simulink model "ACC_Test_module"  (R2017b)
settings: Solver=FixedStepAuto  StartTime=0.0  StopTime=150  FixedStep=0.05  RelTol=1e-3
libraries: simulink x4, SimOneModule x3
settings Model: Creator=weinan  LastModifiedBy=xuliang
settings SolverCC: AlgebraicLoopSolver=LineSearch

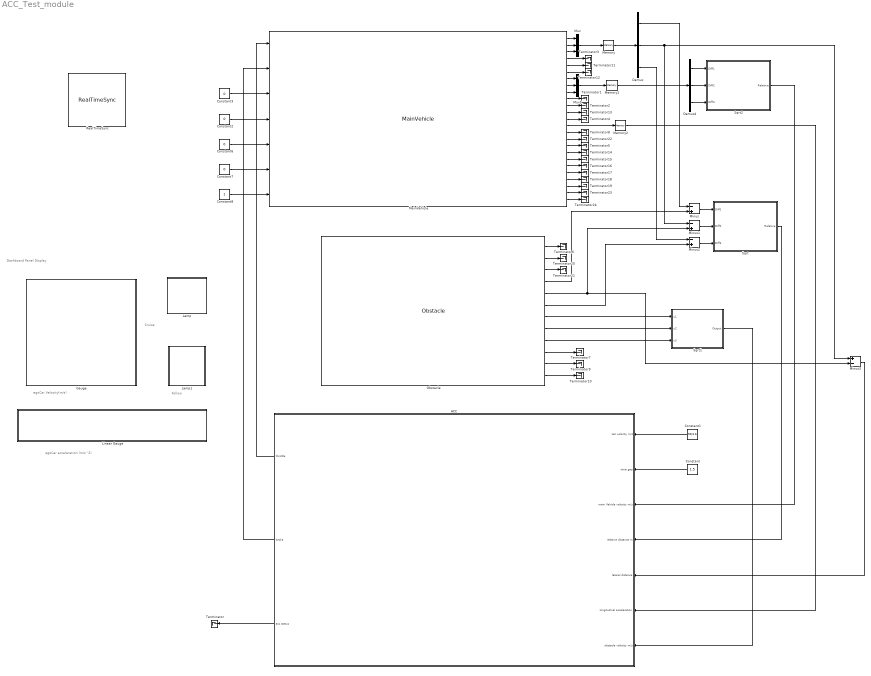
== system ACC_Test_module ==
  note: Cruise
  note: egoCar Velocity(m/s)
  note: Follow
  note: Dashboard Panel Display
  note: egoCar acceleration (m/s^2)
  "ACC " : Subsystem  mask(ACC){}
      mask help: ACC block
  Constant : Constant  Value=1.5  OutDataTypeStr=single
  Constant1 : Constant  Value=50/3.6  OutDataTypeStr=single
  Constant2 : Constant  Value=0  OutDataTypeStr=single
  Constant3 : Constant  Value=0  OutDataTypeStr=int32
  Constant6 : Constant  Value=0  OutDataTypeStr=boolean
  Constant7 : Constant  Value=0  OutDataTypeStr=boolean
  Constant8 : Constant  OutDataTypeStr=int32
  Demux : Demux  Outputs=3
  Demux4 : Demux  Outputs=3
  Gauge : Subsystem  DialogController=hmiCreateDDGDialog  IsWebBlock=on  mask(MWDashboardBlock){webBlockId=47d9afb7-ca15-4b52-9b06-8f3727cd5279, webBlockType=circulargauge, ShowInLibBrowser=on, ShowInitialText=on, HMISrcModelName=ACC_Test_module}
      mask prompts: webBlockId "WebBlock Id"; webBlockType "WebBlock Type"; HMISrcModelName "Source Model"
      mask help: SimulinkHMI:dialogs:CircularGaugeDialogDesc
      mask Help: helpview([docroot '/mapfiles/simulink.map'], 'hmi_gauge')
      mask Display:
      | if strcmp(get_param(bdroot(gcb),'BlockDiagramType'), 'library')
      |     image([(matlabroot) '/toolbox/simulink/hmi/icons/CircularGauge.png']);
      | end
  Lamp : Subsystem  DialogController=hmiCreateDDGDialog  IsWebBlock=on  mask(MWDashboardBlock){webBlockId=fddfa241-ada3-46a5-89fa-7b193cbd09ab, webBlockType=lamp, ShowInLibBrowser=on, ShowInitialText=on, HMISrcModelName=ACC_Test_module}
      mask prompts: webBlockId "WebBlock Id"; webBlockType "WebBlock Type"; HMISrcModelName "Source Model"
      mask help: Display a color that reflects an input value.
      mask Help: helpview([docroot '/mapfiles/simulink.map'], 'hmi_lamp')
      mask Display:
      | if strcmp(get_param(bdroot(gcb),'BlockDiagramType'),'library')
      |  image([(matlabroot) '/toolbox/simulink/hmi/icons/Lamp.png'])
      | end
  Lamp1 : Subsystem  DialogController=hmiCreateDDGDialog  IsWebBlock=on  mask(MWDashboardBlock){webBlockId=92ae66d2-b6c3-43d2-a72d-fb865ca14b34, webBlockType=lamp, ShowInLibBrowser=on, ShowInitialText=on, HMISrcModelName=ACC_Test_module}
      mask prompts: webBlockId "WebBlock Id"; webBlockType "WebBlock Type"; HMISrcModelName "Source Model"
      mask help: Display a color that reflects an input value.
      mask Help: helpview([docroot '/mapfiles/simulink.map'], 'hmi_lamp')
      mask Display:
      | if strcmp(get_param(bdroot(gcb),'BlockDiagramType'),'library')
      |  image([(matlabroot) '/toolbox/simulink/hmi/icons/Lamp.png'])
      | end
  Linear Gauge : Subsystem  DialogController=hmiCreateDDGDialog  IsWebBlock=on  mask(MWDashboardBlock){webBlockId=739a4254-edef-4805-a255-418ead3e1f6d, webBlockType=lineargauge, ShowInLibBrowser=on, ShowInitialText=on, HMISrcModelName=ACC_Test_module}
      mask prompts: webBlockId "WebBlock Id"; webBlockType "WebBlock Type"; HMISrcModelName "Source Model"
      mask help: SimulinkHMI:dialogs:LinearGaugeDialogDesc
      mask Help: helpview([docroot '/mapfiles/simulink.map'], 'hmi_linear_gauge')
      mask Display:
      | if strcmp(get_param(bdroot(gcb),'BlockDiagramType'), 'library')
      |     image([(matlabroot) '/toolbox/simulink/hmi/icons/LinearGauge.png']);
      | end
  MainVehicle : SimOneModule/MainVehicle
  Memory : Memory
  Memory1 : Memory
  Memory2 : Memory
  Minus : Sum  Inputs=-+
  Minus1 : Sum  Inputs=-+
  Minus2 : Sum  Inputs=-+
  Minus3 : Sum  Inputs=+-
  Mux : Mux  Inputs=3
  Mux1 : Mux  Inputs=3
  Obstacle : SimOneModule/Obstacle  MaxObstacleNum=10  ObstacleId=1
  RealTimeSync : SimOneModule/RealTimeSync
  "Sqrt " : Subsystem  mask(Sqrt){}
      mask help: Square root of the sum of squared inputs
  Sqrt1 : Subsystem  mask(Sqrt){}
      mask help: Square root of the sum of squared inputs
  Sqrt2 : Subsystem  mask(Sqrt){}
      mask help: Square root of the sum of squared inputs
  Terminator{,1..24} (25 alike) : Terminator
  wires:
  Constant8/1 -> MainVehicle/7
  Constant7/1 -> MainVehicle/6
  Constant6/1 -> MainVehicle/5
  Constant/1 -> "ACC "/2(time gap)
  Constant1/1 -> "ACC "/1(set velocity m/s)
  Mux/1 -> Memory/1
  "Sqrt "/1(Relative) -> "ACC "/4(relative distance m)
  Minus3/1 -> "ACC "/5(lateral distance)
  "ACC "/3(acc status) -> Terminator/1
  Memory/1 -> Demux/1
  Memory1/1 -> Demux4/1
  MainVehicle/11 -> Terminator2/1
  Minus/1 -> "Sqrt "/1(Diff1)
  Minus1/1 -> "Sqrt "/2(Diff2)
  Minus2/1 -> "Sqrt "/3(Diff3)
  Demux/1 -> Minus/1
  Demux/2 -> Minus3/1, Minus1/1
  Demux/3 -> Minus2/1
  Obstacle/4 -> Minus/2
  Obstacle/5 -> Minus3/2, Minus1/2
  Obstacle/6 -> Minus2/2
  Demux4/1 -> Sqrt2/1(Diff1)
  Demux4/2 -> Sqrt2/2(Diff2)
  Demux4/3 -> Sqrt2/3(Diff3)
  Sqrt2/1(Relative) -> "ACC "/3(main Vehicle velocity m/s)
  Sqrt1/1(Output) -> "ACC "/7(obstacle velocity m/s)
  Constant2/1 -> MainVehicle/4
  Memory2/1 -> "ACC "/6(longitudinal acceleration)
  MainVehicle/4 -> Terminator3/1
  Obstacle/10 -> Terminator7/1
  Obstacle/11 -> Terminator9/1
  Obstacle/12 -> Terminator10/1
  MainVehicle/2 -> Mux/2
  MainVehicle/1 -> Mux/1
  MainVehicle/3 -> Mux/3
  MainVehicle/5 -> Terminator11/1
  MainVehicle/6 -> Terminator12/1
  Mux1/1 -> Memory1/1
  MainVehicle/10 -> Terminator1/1
  MainVehicle/12 -> Terminator13/1
  MainVehicle/13 -> Terminator4/1
  MainVehicle/17 -> Terminator5/1
  MainVehicle/18 -> Terminator14/1
  MainVehicle/19 -> Terminator15/1
  MainVehicle/20 -> Terminator16/1
  MainVehicle/21 -> Terminator17/1
  MainVehicle/22 -> Terminator18/1
  MainVehicle/23 -> Terminator19/1
  Obstacle/1 -> Terminator6/1
  Obstacle/2 -> Terminator20/1
  Obstacle/3 -> Terminator21/1
  MainVehicle/14 -> Memory2/1
  MainVehicle/15 -> Terminator8/1
  MainVehicle/16 -> Terminator22/1
  "ACC "/1(throttle) -> MainVehicle/1
  "ACC "/2(brake) -> MainVehicle/2
  Obstacle/8 -> Sqrt1/2(u2)
  MainVehicle/8 -> Mux1/2
  Obstacle/9 -> Sqrt1/3(u3)
  MainVehicle/7 -> Mux1/1
  Obstacle/7 -> Sqrt1/1(u1)
  MainVehicle/9 -> Mux1/3
  MainVehicle/24 -> Terminator23/1
  MainVehicle/25 -> Terminator24/1
  Constant3/1 -> MainVehicle/3

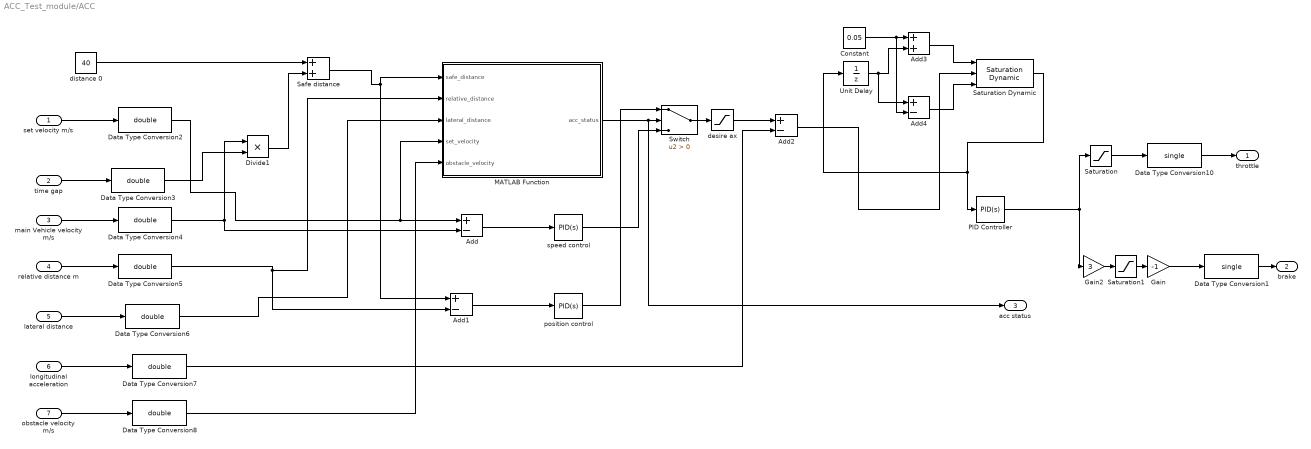
== system ACC_Test_module/ACC  ==
  set velocity m/s : Inport
  time gap : Inport  Port=2
  main Vehicle velocity m/s : Inport  Port=3
  relative distance m : Inport  Port=4
  lateral distance : Inport  Port=5
  longitudinal acceleration : Inport  Port=6
  obstacle velocity m/s : Inport  Port=7
  Add{,1..2,4} (4 alike) : Sum  Inputs=+-
  Add3 : Sum
  Constant : Constant  Value=0.05  OutDataTypeStr=double
  Data Type Conversion1 : DataTypeConversion  OutDataTypeStr=single
  Data Type Conversion10 : DataTypeConversion  OutDataTypeStr=single
  Data Type Conversion{2..8} (7 alike) : DataTypeConversion  OutDataTypeStr=double
  Divide1 : Product  Inputs=**
  Gain : Gain  Gain=-1
  Gain2 : Gain  Gain=3
  MATLAB Function : MATLAB Function  TreatAsAtomicUnit=on
  PID Controller : simulink/Continuous/PID Controller  Controller=PID  TimeDomain=Continuous-time  SampleTime=-1  IntegratorMethod=Forward Euler  FilterMethod=Forward Euler  Form=Parallel  UseFilter=on  ControllerParametersSource=internal  P=0.2  I=0  D=0  N=100  InitialConditionSource=internal  InitialConditionForIntegrator=0  InitialConditionForFilter=0  ExternalReset=none  LimitOutput=off  UpperSaturationLimit=inf  LowerSaturationLimit=-inf  LinearizeAsGain=on  AntiWindupMode=none  Kb=1  TrackingMode=off  Kt=1  PParamMin=[]  PParamMax=[]  IParamMin=[]  IParamMax=[]  DParamMin=[]  DParamMax=[]  NParamMin=[]  NParamMax=[]  KbParamMin=[]  KbParamMax=[]  KtParamMin=[]  KtParamMax=[]  POutMin=[]  POutMax=[]  IOutMin=[]  IOutMax=[]  DOutMin=[]  DOutMax=[]  NOutMin=[]  NOutMax=[]  KbOutMin=[]  KbOutMax=[]  KtOutMin=[]  KtOutMax=[]  IntegratorOutMin=[]  IntegratorOutMax=[]  FilterOutMin=[]  FilterOutMax=[]  SumOutMin=[]  SumOutMax=[]  SumI1OutMin=[]  SumI1OutMax=[]  SumI2OutMin=[]  SumI2OutMax=[]  SumI3OutMin=[]  SumI3OutMax=[]  SumDOutMin=[]  SumDOutMax=[]  SaturationOutMin=[]  SaturationOutMax=[]  IntegratorContinuousStateAttributes=''  IntegratorStateMustResolveToSignalObject=off  IntegratorRTWStateStorageClass=Auto  FilterContinuousStateAttributes=''  FilterStateMustResolveToSignalObject=off  FilterRTWStateStorageClass=Auto  DifferentiatorICPrevScaledInput=0  DifferentiatorOutMin=[]  DifferentiatorOutMax=[]  FilterDiffOutCoefMin=[]  FilterDiffOutCoefMax=[]  SumDenOutMin=[]  SumDenOutMax=[]  SumNumOutMin=[]  SumNumOutMax=[]  ReciprocalOutMin=[]  ReciprocalOutMax=[]  DivideOutMin=[]  DivideOutMax=[]  TunerSelectOption=Transfer Function Based (PID Tuner App)
  Safe distance : Sum
  Saturation : Saturate  UpperLimit=1  LowerLimit=0
  Saturation Dynamic : simulink/Discontinuities/Saturation Dynamic  OutMin=[]  OutMax=[]  OutDataTypeStr=Inherit: Same as second input  OutDataType=fixdt(1, 16)  OutScaling=2^-10  DoSatur=off
  Saturation1 : Saturate  UpperLimit=0  LowerLimit=-1
  Switch : Switch  Criteria=u2 > Threshold
  Unit Delay : UnitDelay  SampleTime=-1
  desire ax : Saturate  UpperLimit=8  LowerLimit=-3
  distance 0 : Constant  Value=40  OutDataTypeStr=double
  position control : simulink/Continuous/PID Controller  Controller=PID  TimeDomain=Continuous-time  SampleTime=-1  IntegratorMethod=Forward Euler  FilterMethod=Forward Euler  Form=Parallel  UseFilter=on  ControllerParametersSource=internal  P=-0.03  I=0  D=0  N=100  InitialConditionSource=internal  InitialConditionForIntegrator=0  InitialConditionForFilter=0  ExternalReset=none  LimitOutput=off  UpperSaturationLimit=inf  LowerSaturationLimit=-inf  LinearizeAsGain=on  AntiWindupMode=none  Kb=1  TrackingMode=off  Kt=1  PParamMin=[]  PParamMax=[]  IParamMin=[]  IParamMax=[]  DParamMin=[]  DParamMax=[]  NParamMin=[]  NParamMax=[]  KbParamMin=[]  KbParamMax=[]  KtParamMin=[]  KtParamMax=[]  POutMin=[]  POutMax=[]  IOutMin=[]  IOutMax=[]  DOutMin=[]  DOutMax=[]  NOutMin=[]  NOutMax=[]  KbOutMin=[]  KbOutMax=[]  KtOutMin=[]  KtOutMax=[]  IntegratorOutMin=[]  IntegratorOutMax=[]  FilterOutMin=[]  FilterOutMax=[]  SumOutMin=[]  SumOutMax=[]  SumI1OutMin=[]  SumI1OutMax=[]  SumI2OutMin=[]  SumI2OutMax=[]  SumI3OutMin=[]  SumI3OutMax=[]  SumDOutMin=[]  SumDOutMax=[]  SaturationOutMin=[]  SaturationOutMax=[]  IntegratorContinuousStateAttributes=''  IntegratorStateMustResolveToSignalObject=off  IntegratorRTWStateStorageClass=Auto  FilterContinuousStateAttributes=''  FilterStateMustResolveToSignalObject=off  FilterRTWStateStorageClass=Auto  DifferentiatorICPrevScaledInput=0  DifferentiatorOutMin=[]  DifferentiatorOutMax=[]  FilterDiffOutCoefMin=[]  FilterDiffOutCoefMax=[]  SumDenOutMin=[]  SumDenOutMax=[]  SumNumOutMin=[]  SumNumOutMax=[]  ReciprocalOutMin=[]  ReciprocalOutMax=[]  DivideOutMin=[]  DivideOutMax=[]  TunerSelectOption=Transfer Function Based (PID Tuner App)
  speed control : simulink/Continuous/PID Controller  Controller=PID  TimeDomain=Continuous-time  SampleTime=-1  IntegratorMethod=Forward Euler  FilterMethod=Forward Euler  Form=Parallel  UseFilter=on  ControllerParametersSource=internal  P=0.6  I=0  D=0  N=100  InitialConditionSource=internal  InitialConditionForIntegrator=0  InitialConditionForFilter=0  ExternalReset=none  LimitOutput=off  UpperSaturationLimit=inf  LowerSaturationLimit=-inf  LinearizeAsGain=on  AntiWindupMode=none  Kb=1  TrackingMode=off  Kt=1  PParamMin=[]  PParamMax=[]  IParamMin=[]  IParamMax=[]  DParamMin=[]  DParamMax=[]  NParamMin=[]  NParamMax=[]  KbParamMin=[]  KbParamMax=[]  KtParamMin=[]  KtParamMax=[]  POutMin=[]  POutMax=[]  IOutMin=[]  IOutMax=[]  DOutMin=[]  DOutMax=[]  NOutMin=[]  NOutMax=[]  KbOutMin=[]  KbOutMax=[]  KtOutMin=[]  KtOutMax=[]  IntegratorOutMin=[]  IntegratorOutMax=[]  FilterOutMin=[]  FilterOutMax=[]  SumOutMin=[]  SumOutMax=[]  SumI1OutMin=[]  SumI1OutMax=[]  SumI2OutMin=[]  SumI2OutMax=[]  SumI3OutMin=[]  SumI3OutMax=[]  SumDOutMin=[]  SumDOutMax=[]  SaturationOutMin=[]  SaturationOutMax=[]  IntegratorContinuousStateAttributes=''  IntegratorStateMustResolveToSignalObject=off  IntegratorRTWStateStorageClass=Auto  FilterContinuousStateAttributes=''  FilterStateMustResolveToSignalObject=off  FilterRTWStateStorageClass=Auto  DifferentiatorICPrevScaledInput=0  DifferentiatorOutMin=[]  DifferentiatorOutMax=[]  FilterDiffOutCoefMin=[]  FilterDiffOutCoefMax=[]  SumDenOutMin=[]  SumDenOutMax=[]  SumNumOutMin=[]  SumNumOutMax=[]  ReciprocalOutMin=[]  ReciprocalOutMax=[]  DivideOutMin=[]  DivideOutMax=[]  TunerSelectOption=Transfer Function Based (PID Tuner App)
  throttle : Outport
  brake : Outport  Port=2
  acc status : Outport  Port=3
  wires:
  time gap/1 -> Data Type Conversion3/1
  Divide1/1 -> Safe distance/2
  Safe distance/1 -> Add1/1, MATLAB Function/1(safe_distance)
  relative distance m/1 -> Data Type Conversion5/1
  lateral distance/1 -> Data Type Conversion6/1
  main Vehicle velocity m/s/1 -> Data Type Conversion4/1
  set velocity m/s/1 -> Data Type Conversion2/1
  Add/1 -> speed control/1
  obstacle velocity m/s/1 -> Data Type Conversion8/1
  Add1/1 -> position control/1
  speed control/1 -> Switch/3
  position control/1 -> Switch/1
  Switch/1 -> desire ax/1
  desire ax/1 -> Add2/1
  longitudinal acceleration/1 -> Data Type Conversion7/1
  Saturation/1 -> Data Type Conversion10/1
  Saturation1/1 -> Gain/1
  Gain/1 -> Data Type Conversion1/1
  Gain2/1 -> Saturation1/1
  Constant/1 -> Add4/2, Add3/1
  Unit Delay/1 -> Add4/1, Add3/2
  Add3/1 -> Saturation Dynamic/1
  Add4/1 -> Saturation Dynamic/3
  Add2/1 -> Saturation Dynamic/2
  Saturation Dynamic/1 -> Unit Delay/1, PID Controller/1
  PID Controller/1 -> Saturation/1, Gain2/1
  distance 0/1 -> Safe distance/1
  Data Type Conversion2/1 -> MATLAB Function/4(set_velocity), Add/1
  Data Type Conversion3/1 -> Divide1/2
  Data Type Conversion4/1 -> Add/2, Divide1/1
  Data Type Conversion5/1 -> Add1/2, MATLAB Function/2(relative_distance)
  Data Type Conversion6/1 -> MATLAB Function/3(lateral_distance)
  Data Type Conversion7/1 -> Add2/2
  Data Type Conversion8/1 -> MATLAB Function/5(obstacle_velocity)
  MATLAB Function/1(acc_status) -> acc status/1, Switch/2
  Data Type Conversion1/1 -> brake/1
  Data Type Conversion10/1 -> throttle/1

== system ACC_Test_module/Gauge ==

== system ACC_Test_module/Lamp ==

== system ACC_Test_module/Lamp1 ==

== system ACC_Test_module/Linear Gauge ==

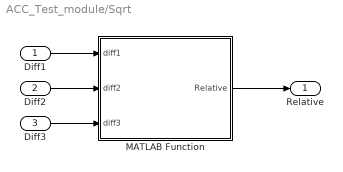
== system ACC_Test_module/Sqrt  ==
  Diff1 : Inport
  Diff2 : Inport  Port=2
  Diff3 : Inport  Port=3
  MATLAB Function : MATLAB Function  TreatAsAtomicUnit=on
  Relative : Outport
  wires:
  Diff1/1 -> MATLAB Function/1(diff1)
  MATLAB Function/1(Relative) -> Relative/1
  Diff2/1 -> MATLAB Function/2(diff2)
  Diff3/1 -> MATLAB Function/3(diff3)

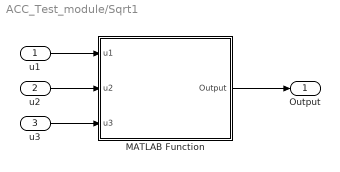
== system ACC_Test_module/Sqrt1 ==
  u1 : Inport
  u2 : Inport  Port=2
  u3 : Inport  Port=3
  MATLAB Function : MATLAB Function  TreatAsAtomicUnit=on
  Output : Outport
  wires:
  u1/1 -> MATLAB Function/1(u1)
  MATLAB Function/1(Output) -> Output/1
  u2/1 -> MATLAB Function/2(u2)
  u3/1 -> MATLAB Function/3(u3)

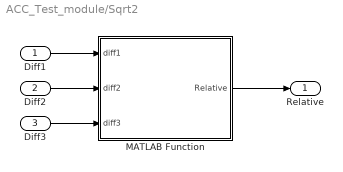
== system ACC_Test_module/Sqrt2 ==
  Diff1 : Inport
  Diff2 : Inport  Port=2
  Diff3 : Inport  Port=3
  MATLAB Function : MATLAB Function  TreatAsAtomicUnit=on
  Relative : Outport
  wires:
  Diff1/1 -> MATLAB Function/1(diff1)
  MATLAB Function/1(Relative) -> Relative/1
  Diff2/1 -> MATLAB Function/2(diff2)
  Diff3/1 -> MATLAB Function/3(diff3)

== matlab function ACC_Test_module/Sqrt2/MATLAB Function ==
  data: diff1 input; Relative output; diff2 input; diff3 input
function Relative = fcn(diff1,diff2,diff3)

Relative = sqrt(diff1 * diff1 + diff2 * diff2 + diff3 * diff3);

== matlab function ACC_Test_module/ACC /MATLAB Function ==
  data: safe_distance input; relative_distance input; lateral_distance input; acc_status output; set_velocity input; obstacle_velocity input
function acc_status = fcn(safe_distance,relative_distance,lateral_distance,set_velocity,obstacle_velocity)
acc_status=-1;   % default velocity control
if(abs(lateral_distance)<=1.75)   % front vehicle exists
    if(relative_distance<safe_distance && relative_distance>0 )
        acc_status=1;   % position control
    end
    if(set_velocity>obstacle_velocity)
        acc_status=1;   % position control
    end        
end

== matlab function ACC_Test_module/Sqrt /MATLAB Function ==
  data: diff1 input; Relative output; diff2 input; diff3 input
function Relative = fcn(diff1,diff2,diff3)

Relative = sqrt(diff1 * diff1 + diff2 * diff2 + diff3 * diff3);

== matlab function ACC_Test_module/Sqrt1/MATLAB Function ==
  data: u1 input; Output output; u2 input; u3 input
function Output = fcn(u1,u2,u3)

Output = sqrt(u1 * u1 + u2 * u2 + u3 * u3);

------------------------------------------------

### Exercise
What you retype should run from the first line of the entries above through the line containing "settings Model: Creator=weinan", exactly and in full.

### Written response
simulink model "ACC_Test_module"  (R2017b)
settings: Solver=FixedStepAuto  StartTime=0.0  StopTime=150  FixedStep=0.05  RelTol=1e-3
libraries: simulink x4, SimOneModule x3
settings Model: Creator=weinan  LastModifiedBy=xuliang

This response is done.